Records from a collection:
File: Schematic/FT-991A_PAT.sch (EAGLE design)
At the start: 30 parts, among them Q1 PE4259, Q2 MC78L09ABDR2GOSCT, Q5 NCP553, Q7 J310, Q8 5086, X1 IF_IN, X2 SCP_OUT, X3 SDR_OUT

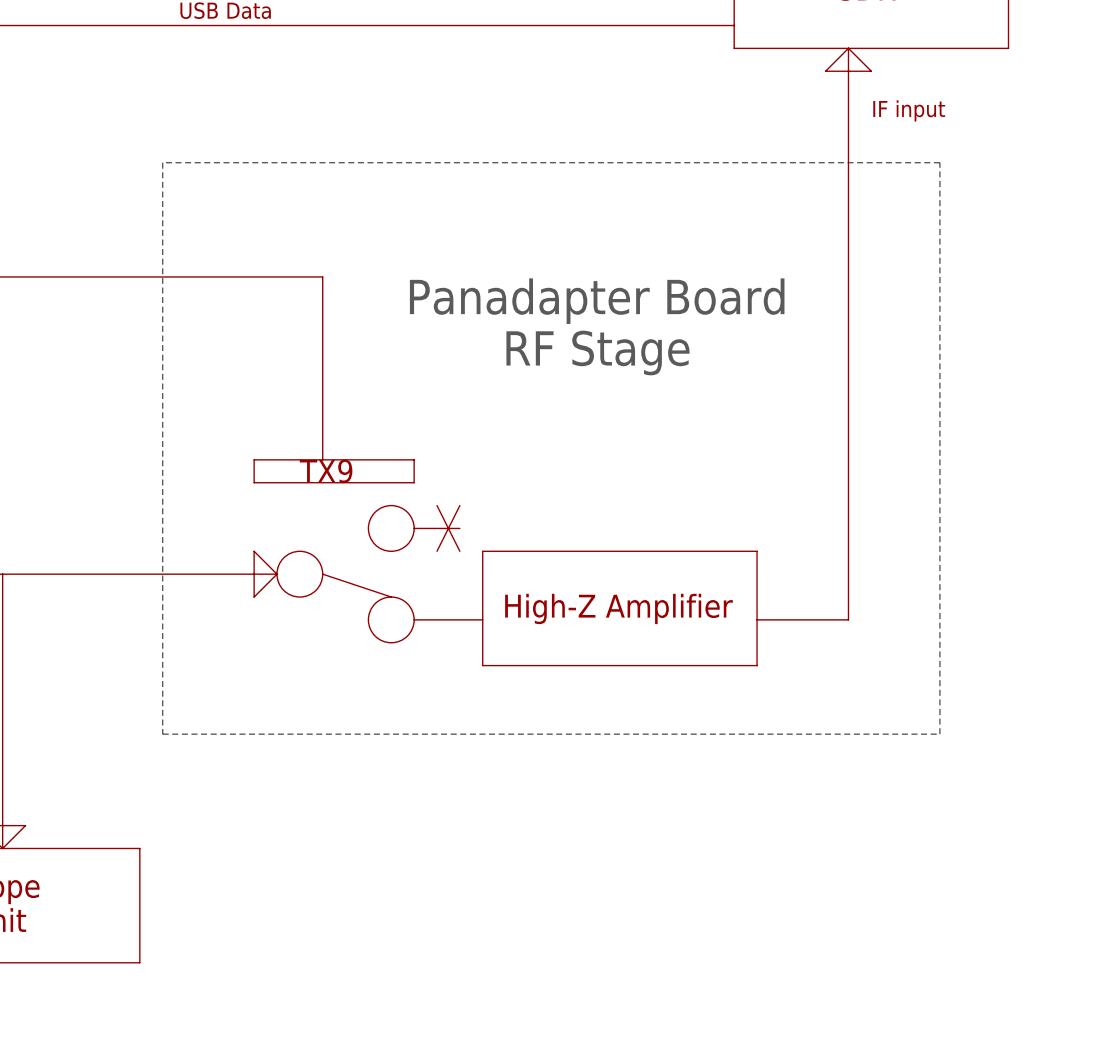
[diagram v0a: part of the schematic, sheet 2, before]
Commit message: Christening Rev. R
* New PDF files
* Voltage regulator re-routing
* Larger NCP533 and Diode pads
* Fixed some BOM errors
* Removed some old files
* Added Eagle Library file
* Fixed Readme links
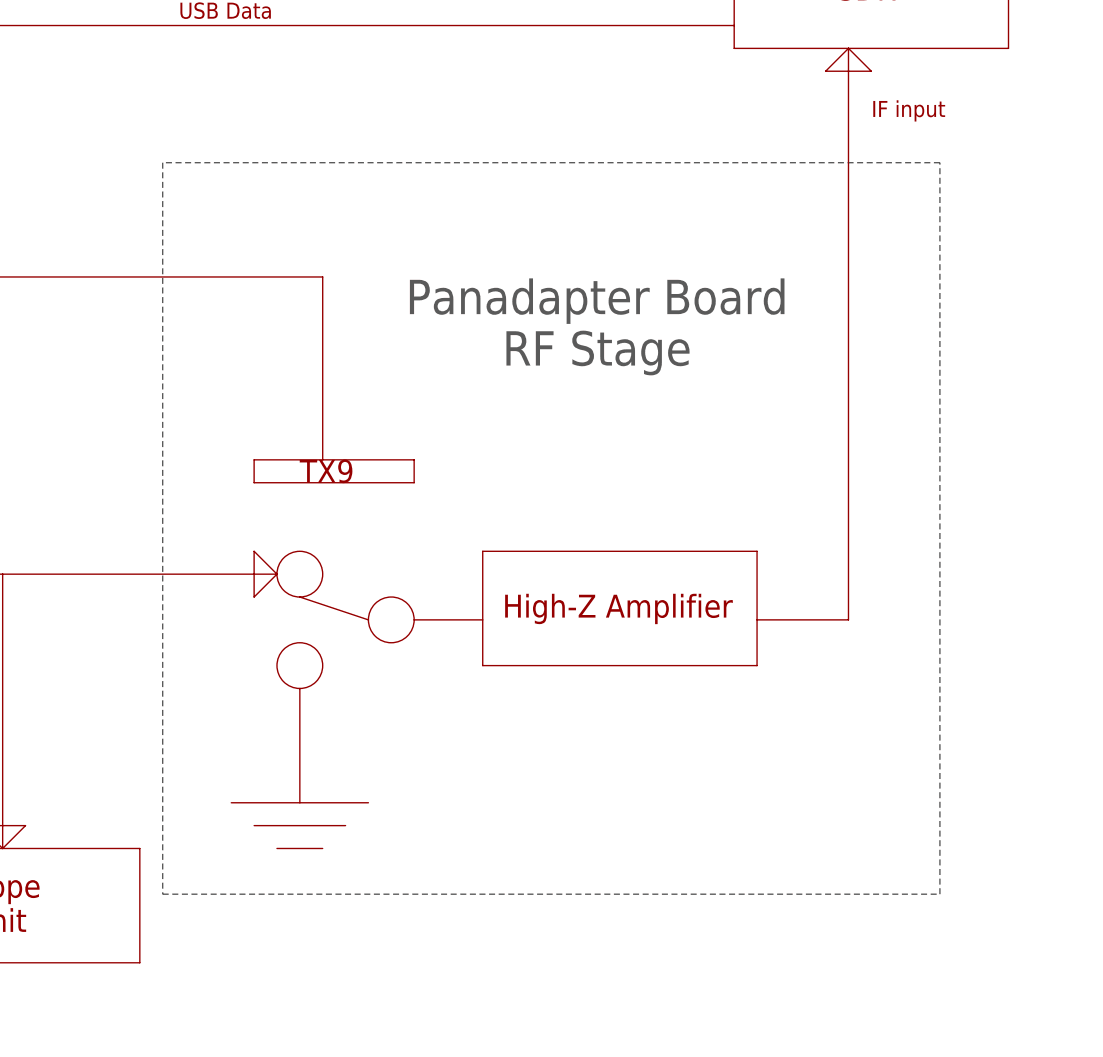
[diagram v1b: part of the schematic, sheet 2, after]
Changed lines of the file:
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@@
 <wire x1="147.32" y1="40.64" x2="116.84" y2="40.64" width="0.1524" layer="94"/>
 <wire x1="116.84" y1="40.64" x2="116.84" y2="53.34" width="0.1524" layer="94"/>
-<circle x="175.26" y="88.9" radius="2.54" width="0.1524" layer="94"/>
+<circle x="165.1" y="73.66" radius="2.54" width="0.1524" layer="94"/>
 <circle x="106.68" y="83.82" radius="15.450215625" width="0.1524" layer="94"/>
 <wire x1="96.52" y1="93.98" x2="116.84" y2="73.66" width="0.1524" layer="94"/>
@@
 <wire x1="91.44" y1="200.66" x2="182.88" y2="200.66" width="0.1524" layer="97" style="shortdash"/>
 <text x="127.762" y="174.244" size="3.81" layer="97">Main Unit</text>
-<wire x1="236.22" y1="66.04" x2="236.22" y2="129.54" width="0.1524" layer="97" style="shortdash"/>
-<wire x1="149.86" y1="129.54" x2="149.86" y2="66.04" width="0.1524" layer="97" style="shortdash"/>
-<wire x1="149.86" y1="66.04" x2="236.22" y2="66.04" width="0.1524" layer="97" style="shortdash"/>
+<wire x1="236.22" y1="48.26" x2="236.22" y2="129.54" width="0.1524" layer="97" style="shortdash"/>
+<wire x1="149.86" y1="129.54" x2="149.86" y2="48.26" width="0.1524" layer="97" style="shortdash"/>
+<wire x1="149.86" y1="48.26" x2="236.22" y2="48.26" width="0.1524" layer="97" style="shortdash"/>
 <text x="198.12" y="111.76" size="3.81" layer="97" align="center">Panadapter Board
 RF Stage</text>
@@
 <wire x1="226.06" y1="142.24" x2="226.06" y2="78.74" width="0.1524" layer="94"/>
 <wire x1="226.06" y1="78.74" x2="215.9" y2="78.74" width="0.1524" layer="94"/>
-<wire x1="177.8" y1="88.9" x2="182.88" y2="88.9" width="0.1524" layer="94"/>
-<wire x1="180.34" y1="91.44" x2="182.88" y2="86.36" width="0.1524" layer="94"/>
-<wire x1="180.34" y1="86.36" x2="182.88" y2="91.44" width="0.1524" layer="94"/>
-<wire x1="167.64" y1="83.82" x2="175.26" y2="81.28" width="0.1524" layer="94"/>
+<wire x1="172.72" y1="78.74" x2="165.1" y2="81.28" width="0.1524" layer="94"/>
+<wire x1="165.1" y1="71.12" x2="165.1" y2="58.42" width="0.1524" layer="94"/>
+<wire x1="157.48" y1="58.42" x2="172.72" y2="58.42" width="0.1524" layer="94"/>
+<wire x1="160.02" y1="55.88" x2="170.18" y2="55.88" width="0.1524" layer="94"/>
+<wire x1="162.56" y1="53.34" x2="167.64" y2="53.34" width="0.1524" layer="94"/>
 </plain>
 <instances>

## TASK INSTRUCTIONS
Pick out each line above that includes "Fixed" and show it.

## RESPONSE TO THIS TASK
* Fixed some BOM errors
* Fixed Readme links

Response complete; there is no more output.